With pictures left out, write out exactly every line from the start of the data through the one that contains "doc.layers.add(name, color=color, linetype=linetype)".
═══ Data provided
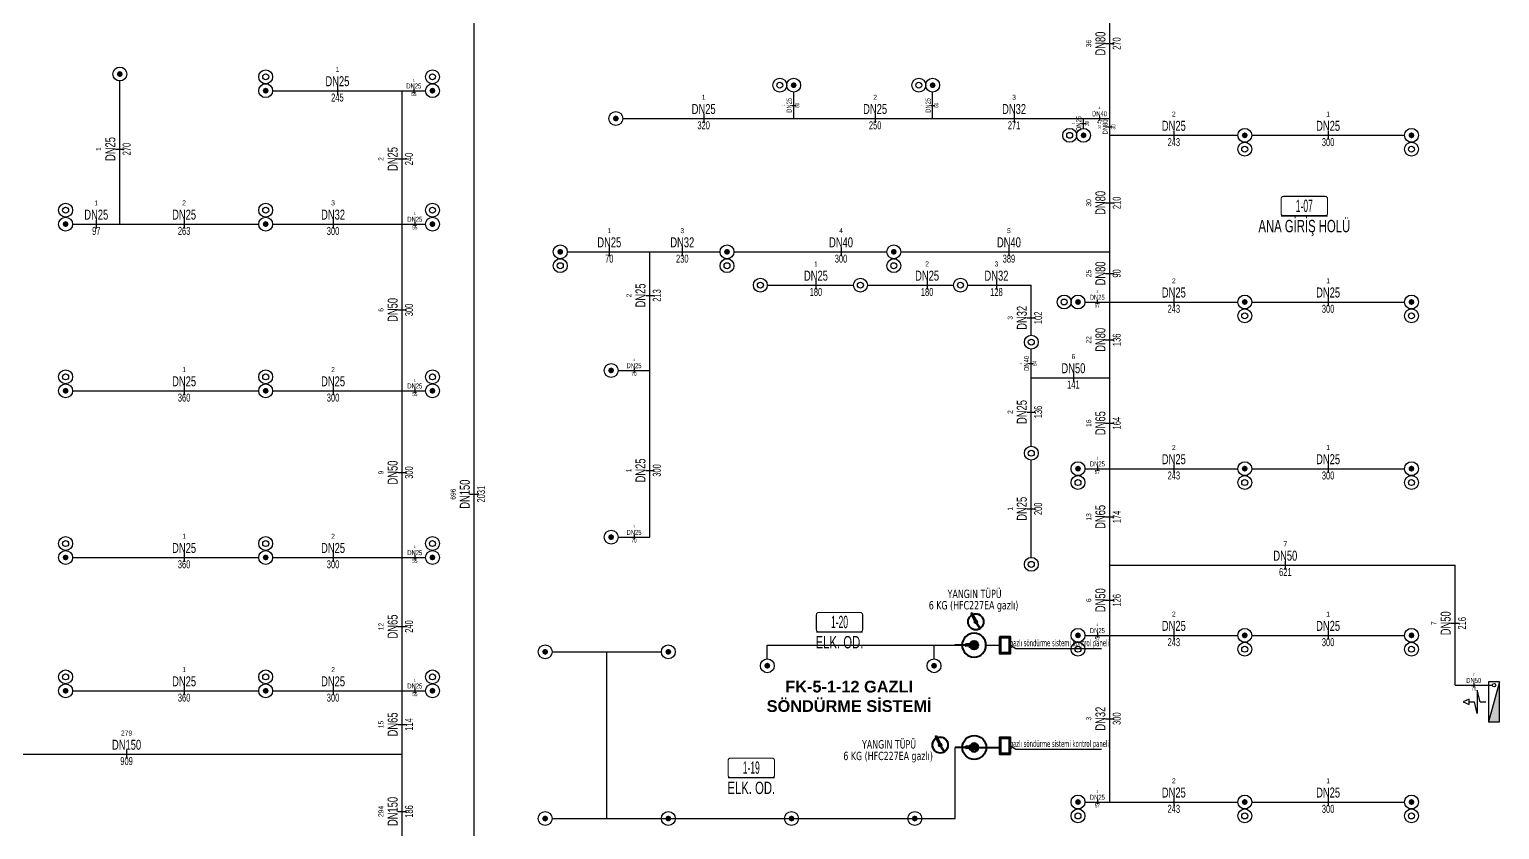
# Model space of a CAD drawing. Header units: centimetres. Extents: x 394264 to 551709, y 50011 to 59011.
# Drawn here: x 460325 to 462970, y 53083 to 54523 of the extents above; entities that cross this region are included whole.
import ezdxf
from ezdxf.enums import TextEntityAlignment as Align

# ---------------------------------------------------------------- set-up
doc = ezdxf.new("R2010")
doc.units = ezdxf.units.CM
doc.layers.get('0').update_dxf_attribs({"lineweight": 9})
for name, color, linetype in [('-M-MAHAL-DEBILER', 7, 'Continuous'), ('-M-MAHAL-ETIKET-NOT', 7, 'Continuous'), ('-M-MAHAL-ETIKET-NOTM', 7, 'Continuous'), ('-M-MAHAL-ETK-', 7, 'Continuous'), ('-M-MAHAL-HAVA-DEGISIM', 7, 'Continuous'), ('-M-MAHAL-NO', 7, 'Continuous'), ('-M-MAHAL-NOM', 7, 'Continuous'), ('-M-YNGN-BORUID', 7, 'Continuous'), ('-M-YNGN-BORUUZUN', 7, 'Continuous'), ('-M-YNGN-BORUYUK', 7, 'Continuous'), ('-M-YNGN-FHC', 1, 'Continuous'), ('-M-YNGN-SPR-YUK', 7, 'Continuous'), ('-M-YNGN-ZON3-CAP-', 7, 'Continuous'), ('-M-YNGN-ZON3-SPR-', 7, 'Continuous'), ('-M-YNGN-ZON5-CAP-', 7, 'Continuous'), ('-M-YNGN-ZON5-SPR-', 7, 'Continuous')]:
    doc.layers.add(name, color=color, linetype=linetype)
for name, color, linetype, lineweight in [('-M-SPRINKLER PIPE_GAS', 190, 'Y1', 30), ('-M-SPRINKLER PIPE_GAS-SPR-', 7, 'Continuous', 30), ('-M-YNGN-ZON3', 6, 'SP', 30), ('-M-YNGN-ZON5', 1, 'SP', 30), ('0-KRCN-YNG-BORU', 1, 'boruYLINE', 40), ('0-KRCN-YNG-T-SPRİNKLER-ÇAP', 2, 'Continuous', 30), ('0-MEK-YNG-YANGINDOLABI', 171, 'Continuous', 35), ('0-MEK-YNG-YAZI', 71, 'Continuous', 35)]:
    doc.layers.add(name, color=color, linetype=linetype, lineweight=lineweight)
doc.layers.add('-M-YNGN-SPR-CAPCIZGI', color=188, linetype='Continuous', plot=False)
doc.styles.add('-M-ISSO-TEXT-TTF', font='ARIALN.TTF')
doc.styles.add('-M-MHLETK-NOT', font='romans.shx', dxfattribs={"width": 0.7})
doc.styles.add('-M-MHLETK-TEXT', font='ARIALN.TTF', dxfattribs={"width": 0.7})
doc.styles.add('CAP', font='ARIALNB.TTF')
doc.styles.add('CIZGI', font='tahoma.ttf', dxfattribs={"width": 0.8, "oblique": 20})
doc.styles.add('HCAD', font='HCAD.SHX', dxfattribs={"width": 0.8, "height": 0.2})
doc.styles.add('Kalin02', font='arialbd.ttf')
doc.styles.add('PIPESIZE', font='hcad.shx', dxfattribs={"width": 0.8})
doc.styles.add('ROMANS', font='tahoma.ttf', dxfattribs={"width": 0.8})
doc.styles.add('SPR-NOT', font='romans.shx')
doc.styles.get("Standard").update_dxf_attribs({"font": 'arial.ttf'})
doc.styles.add('ÇAP', font='tahoma.ttf')
doc.linetypes.add('boruYLINE', pattern='A,50,-0.8,["Y",CAP,S=7,R=0,X=0,Y=-3],-7', length=57.8)
doc.linetypes.add('SP', pattern='A,2,-0.1,["SP",CIZGI,S=0.14,R=0.2,X=0,Y=-0.07],-0.255', length=2.355)
doc.linetypes.add('Y1', pattern='A,2,-0.15,["Y",Standard,S=0.2,R=0.2,X=0,Y=-0.1],-0.25', length=2.4)

# ---------------------------------------------------------------- blocks, each defined once
blk = doc.blocks.new('M-MHLETK-YNG')
at = {"layer": '-M-MAHAL-ETIKET-NOTM', "color": 3, "style": '-M-ISSO-TEXT-TTF', "width": 0.8, "flags": 8}
blk.add_attdef('MAH-ADI2', text='', height=1.11, dxfattribs=at).set_placement((0, -2.55), align=Align.MIDDLE_CENTER)
at = {"layer": '-M-MAHAL-HAVA-DEGISIM', "style": '-M-MHLETK-NOT', "width": 0.5, "flags": 8}
blk.add_attdef('HAVADEG', text='', height=0.6, dxfattribs=at).set_placement((0, 3.61), align=Align.MIDDLE_CENTER)
blk.add_wipeout([(-2.08, 1.74), (2.08, 1.74), (2.08, 0), (-2.08, 0)]).dxf.layer = '-M-MAHAL-ETK-'
at = {"layer": '-M-MAHAL-ETK-', "color": 0}
for p, q in [((-2.08, 0), (2.08, 0)), ((-1.16, 0), (-1.16, 0))]:
    blk.add_line(p, q, dxfattribs=at)
blk.add_lwpolyline([(-1.88, 1.74, 0.1, 0.1, 0), (1.88, 1.74, 0.1, 0.1, -0.414214), (2.08, 1.54, 0.1, 0.1, 0), (2.08, 0.2, 0.1, 0.1, -0.414214), (1.88, 0, 0.1, 0.1, 0), (-1.88, 0, 0.1, 0.1, -0.414214), (-2.08, 0.2, 0.1, 0.1, 0), (-2.08, 1.54, 0.1, 0.1, -0.414214)], format="xyseb", close=True, dxfattribs=at)
at = {"layer": '-M-MAHAL-DEBILER', "color": 4, "style": '-M-MHLETK-NOT', "width": 0.5, "flags": 8}
blk.add_attdef('DEBIS', text='', height=0.4, dxfattribs=at).set_placement((-2.17, 2.15), align=Align.MIDDLE_CENTER)
at = {"layer": '-M-MAHAL-DEBILER', "color": 191, "style": '-M-MHLETK-NOT', "width": 0.5, "flags": 8}
blk.add_attdef('DEBIR', text='', height=0.4, dxfattribs=at).set_placement((-1.61, 2.15), align=Align.MIDDLE_CENTER)
at = {"layer": '-M-MAHAL-DEBILER', "color": 31, "style": '-M-MHLETK-NOT', "width": 0.5, "flags": 8}
blk.add_attdef('DEBIF', text='', height=0.4, dxfattribs=at).set_placement((1.59, 2.15), align=Align.MIDDLE_CENTER)
at = {"layer": '-M-MAHAL-DEBILER', "color": 1, "style": '-M-MHLETK-NOT', "width": 0.5, "flags": 8}
blk.add_attdef('DEBIE', text='', height=0.4, dxfattribs=at).set_placement((2.32, 2.15), align=Align.MIDDLE_CENTER)
at = {"layer": '-M-MAHAL-ETIKET-NOT', "color": 3}
for tag, height, style, width, flags, p in [('KIS', 0.04, '-M-MHLETK-NOT', 0.5, 9, (-2.59, 1.62)), ('ALAN', 0.04, '-M-MHLETK-NOT', 0.5, 9, (-2.58, 1.56)), ('RH', 0.04, '-M-MHLETK-NOT', 0.5, 9, (-2.39, 1.62)), ('YUKSEKLIK', 0.04, '-M-MHLETK-NOT', 0.5, 9, (-2.32, 1.56)), ('YAZ', 0.04, '-M-MHLETK-NOT', 0.5, 9, (-2.18, 1.62)), ('MAH-ADI', 1.11, '-M-ISSO-TEXT-TTF', 0.8, 8, (0, -0.93))]:
    blk.add_attdef(tag, text='', height=height, dxfattribs=dict(at, style=style, width=width, flags=flags)).set_placement(p, align=Align.MIDDLE_CENTER)
at = {"layer": '-M-MAHAL-ETIKET-NOT', "color": 3, "style": '-M-MHLETK-NOT', "width": 0.5, "flags": 9}
for tag, p, height in [('HL', (-2.62, 1.49), 0.0286), ('KLKTR', (-2.62, 1.42), 0.04), ('RDY-BOY1', (-2.61, 1.37), 0.0286), ('RDY-BOY2', (-2.61, 1.32), 0.0286), ('HLA', (-2.52, 1.49), 0.0286), ('RDY-TIP1', (-2.5, 1.37), 0.0286), ('RDY-TIP2', (-2.5, 1.32), 0.0286), ('RDY-ADET1', (-2.39, 1.37), 0.0286), ('RDY-ADET2', (-2.39, 1.32), 0.0286), ('RDY-ISI1', (-2.27, 1.37), 0.0286), ('RDY-ISI2', (-2.27, 1.32), 0.0286), ('SHG', (-2.23, 1.49), 0.0286), ('AHU', (-2.23, 1.44), 0.0286), ('LHG', (-2.13, 1.49), 0.0286), ('RDY-BNP1', (-2.1, 1.37), 0.0286), ('RDY-BNP2', (-2.1, 1.32), 0.0286), ('HG', (-2.04, 1.49), 0.0286), ('HGA', (-1.96, 1.49), 0.0286), ('EF', (-1.96, 1.44), 0.0286), ('RDY-BNK1', (-1.96, 1.37), 0.0286), ('RDY-BNK2', (-1.96, 1.32), 0.0286), ('RDY-BOY3', (-2.61, 1.27), 0.0286), ('RDY-BOY4', (-2.61, 1.22), 0.0286), ('KON-BOY1', (-2.61, 1.14), 0.0286), ('KON-BOY2', (-2.61, 1.09), 0.0286), ('KON-BOY3', (-2.61, 1.04), 0.0286), ('FCU-TIP1', (-2.61, 0.96), 0.0286), ('FCU-TIP2', (-2.61, 0.91), 0.0286), ('FCU-TIP3', (-2.61, 0.86), 0.0286), ('VRV-TIP1', (-2.61, 0.76), 0.0286), ('VRV-TIP2', (-2.61, 0.71), 0.0286), ('FCU-ADET1', (-2.52, 0.96), 0.0286), ('FCU-ADET2', (-2.52, 0.91), 0.0286), ('FCU-ADET3', (-2.52, 0.86), 0.0286), ('VRV-ADET1', (-2.52, 0.76), 0.0286), ('VRV-ADET2', (-2.52, 0.71), 0.0286), ('RDY-TIP3', (-2.5, 1.27), 0.0286), ('RDY-TIP4', (-2.5, 1.22), 0.0286), ('KON-TIP1', (-2.5, 1.14), 0.0286), ('KON-TIP2', (-2.5, 1.09), 0.0286), ('KON-TIP3', (-2.5, 1.04), 0.0286), ('FCU-KAP1', (-2.4, 0.96), 0.0286), ('FCU-KAP2', (-2.4, 0.91), 0.0286), ('FCU-KAP3', (-2.4, 0.86), 0.0286), ('VRV-KAP1', (-2.4, 0.76), 0.0286), ('VRV-KAP2', (-2.4, 0.71), 0.0286), ('RDY-ADET3', (-2.39, 1.27), 0.0286), ('RDY-ADET4', (-2.39, 1.22), 0.0286), ('KON-ADET1', (-2.39, 1.14), 0.0286), ('KON-ADET2', (-2.39, 1.09), 0.0286), ('KON-ADET3', (-2.39, 1.04), 0.0286), ('FCU-DUY1', (-2.27, 0.96), 0.0286), ('FCU-DUY2', (-2.27, 0.91), 0.0286), ('FCU-DUY3', (-2.27, 0.86), 0.0286), ('VRV-DUY1', (-2.27, 0.76), 0.0286), ('VRV-DUY2', (-2.27, 0.71), 0.0286), ('RDY-ISI3', (-2.27, 1.27), 0.0286), ('RDY-ISI4', (-2.27, 1.22), 0.0286), ('KON-ISI1', (-2.27, 1.14), 0.0286), ('KON-ISI2', (-2.27, 1.09), 0.0286), ('KON-ISI3', (-2.27, 1.04), 0.0286), ('FCU-SOG1', (-2.15, 0.96), 0.0286), ('FCU-SOG2', (-2.15, 0.91), 0.0286), ('FCU-SOG3', (-2.15, 0.86), 0.0286), ('VRV-SOG1', (-2.15, 0.76), 0.0286), ('VRV-SOG2', (-2.15, 0.71), 0.0286), ('RDY-BNP3', (-2.1, 1.27), 0.0286), ('RDY-BNP4', (-2.1, 1.22), 0.0286), ('KON-BNP1', (-2.1, 1.14), 0.0286), ('KON-BNP2', (-2.1, 1.09), 0.0286), ('KON-BNP3', (-2.1, 1.04), 0.0286), ('FCU-ISI1', (-2.04, 0.96), 0.0286), ('FCU-ISI2', (-2.04, 0.91), 0.0286), ('FCU-ISI3', (-2.04, 0.86), 0.0286), ('VRV-ISI1', (-2.04, 0.76), 0.0286), ('VRV-ISI2', (-2.04, 0.71), 0.0286), ('RDY-BNK3', (-1.96, 1.27), 0.0286), ('RDY-BNK4', (-1.96, 1.22), 0.0286), ('KON-BNK1', (-1.96, 1.14), 0.0286), ('KON-BNK2', (-1.96, 1.09), 0.0286), ('KON-BNK3', (-1.96, 1.04), 0.0286), ('FCU-DEBI1', (-1.95, 0.96), 0.0286), ('FCU-DEBI2', (-1.95, 0.91), 0.0286), ('FCU-DEBI3', (-1.95, 0.86), 0.0286), ('VRV-DEBI1', (-1.95, 0.76), 0.0286), ('VRV-DEBI2', (-1.95, 0.71), 0.0286), ('FCU-BNP1', (-1.83, 0.96), 0.0286), ('FCU-BNP2', (-1.83, 0.91), 0.0286), ('FCU-BNP3', (-1.83, 0.86), 0.0286), ('VRV-BNP1', (-1.83, 0.76), 0.0286), ('VRV-BNP2', (-1.83, 0.71), 0.0286), ('FCU-BNK1', (-1.61, 0.96), 0.0286), ('FCU-BNK2', (-1.61, 0.91), 0.0286), ('FCU-BNK3', (-1.61, 0.86), 0.0286), ('VRV-BNK1', (-1.61, 0.76), 0.0286), ('VRV-BNK2', (-1.61, 0.71), 0.0286)]:
    blk.add_attdef(tag, p, '', height=height, dxfattribs=at)
at = {"layer": '-M-MAHAL-HAVA-DEGISIM', "style": '-M-MHLETK-NOT', "width": 0.5, "flags": 8}
blk.add_attdef('HAVA', text='', height=0.6, dxfattribs=at).set_placement((0, 2.4), align=Align.MIDDLE_CENTER)
at = {"layer": '-M-MAHAL-NO', "color": 7, "style": '-M-MHLETK-TEXT', "width": 0.6, "flags": 8}
blk.add_attdef('MAH-NO', text='', height=1.11, dxfattribs=at).set_placement((0, 0.89), align=Align.MIDDLE_CENTER)
at = {"layer": '-M-MAHAL-NOM', "color": 7, "style": '-M-MHLETK-TEXT', "width": 0.6, "flags": 8}
blk.add_attdef('MAH-NOM', text='', height=1.11, dxfattribs=at).set_placement((0, 0.89), align=Align.MIDDLE_CENTER)
blk = doc.blocks.new('G$C03FB175B')
at = {"layer": '0-MEK-YNG-YANGINDOLABI', "linetype": 'Continuous'}
for p, q in [((-8.8, 15.1), (-6.6, 16.3)), ((0.8, -3.4), (-8.8, 15.1)), ((3, -2), (-6.6, 16.3)), ((0.8, -3.4), (3, -2))]:
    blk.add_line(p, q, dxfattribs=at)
══════
Response to this task:
# Model space of a CAD drawing. Header units: centimetres. Extents: x 394264 to 551709, y 50011 to 59011.
# Drawn here: x 460325 to 462970, y 53083 to 54523 of the extents above; entities that cross this region are included whole.
import ezdxf
from ezdxf.enums import TextEntityAlignment as Align

# ---------------------------------------------------------------- set-up
doc = ezdxf.new("R2010")
doc.units = ezdxf.units.CM
doc.layers.get('0').update_dxf_attribs({"lineweight": 9})
for name, color, linetype in [('-M-MAHAL-DEBILER', 7, 'Continuous'), ('-M-MAHAL-ETIKET-NOT', 7, 'Continuous'), ('-M-MAHAL-ETIKET-NOTM', 7, 'Continuous'), ('-M-MAHAL-ETK-', 7, 'Continuous'), ('-M-MAHAL-HAVA-DEGISIM', 7, 'Continuous'), ('-M-MAHAL-NO', 7, 'Continuous'), ('-M-MAHAL-NOM', 7, 'Continuous'), ('-M-YNGN-BORUID', 7, 'Continuous'), ('-M-YNGN-BORUUZUN', 7, 'Continuous'), ('-M-YNGN-BORUYUK', 7, 'Continuous'), ('-M-YNGN-FHC', 1, 'Continuous'), ('-M-YNGN-SPR-YUK', 7, 'Continuous'), ('-M-YNGN-ZON3-CAP-', 7, 'Continuous'), ('-M-YNGN-ZON3-SPR-', 7, 'Continuous'), ('-M-YNGN-ZON5-CAP-', 7, 'Continuous'), ('-M-YNGN-ZON5-SPR-', 7, 'Continuous')]:
    doc.layers.add(name, color=color, linetype=linetype)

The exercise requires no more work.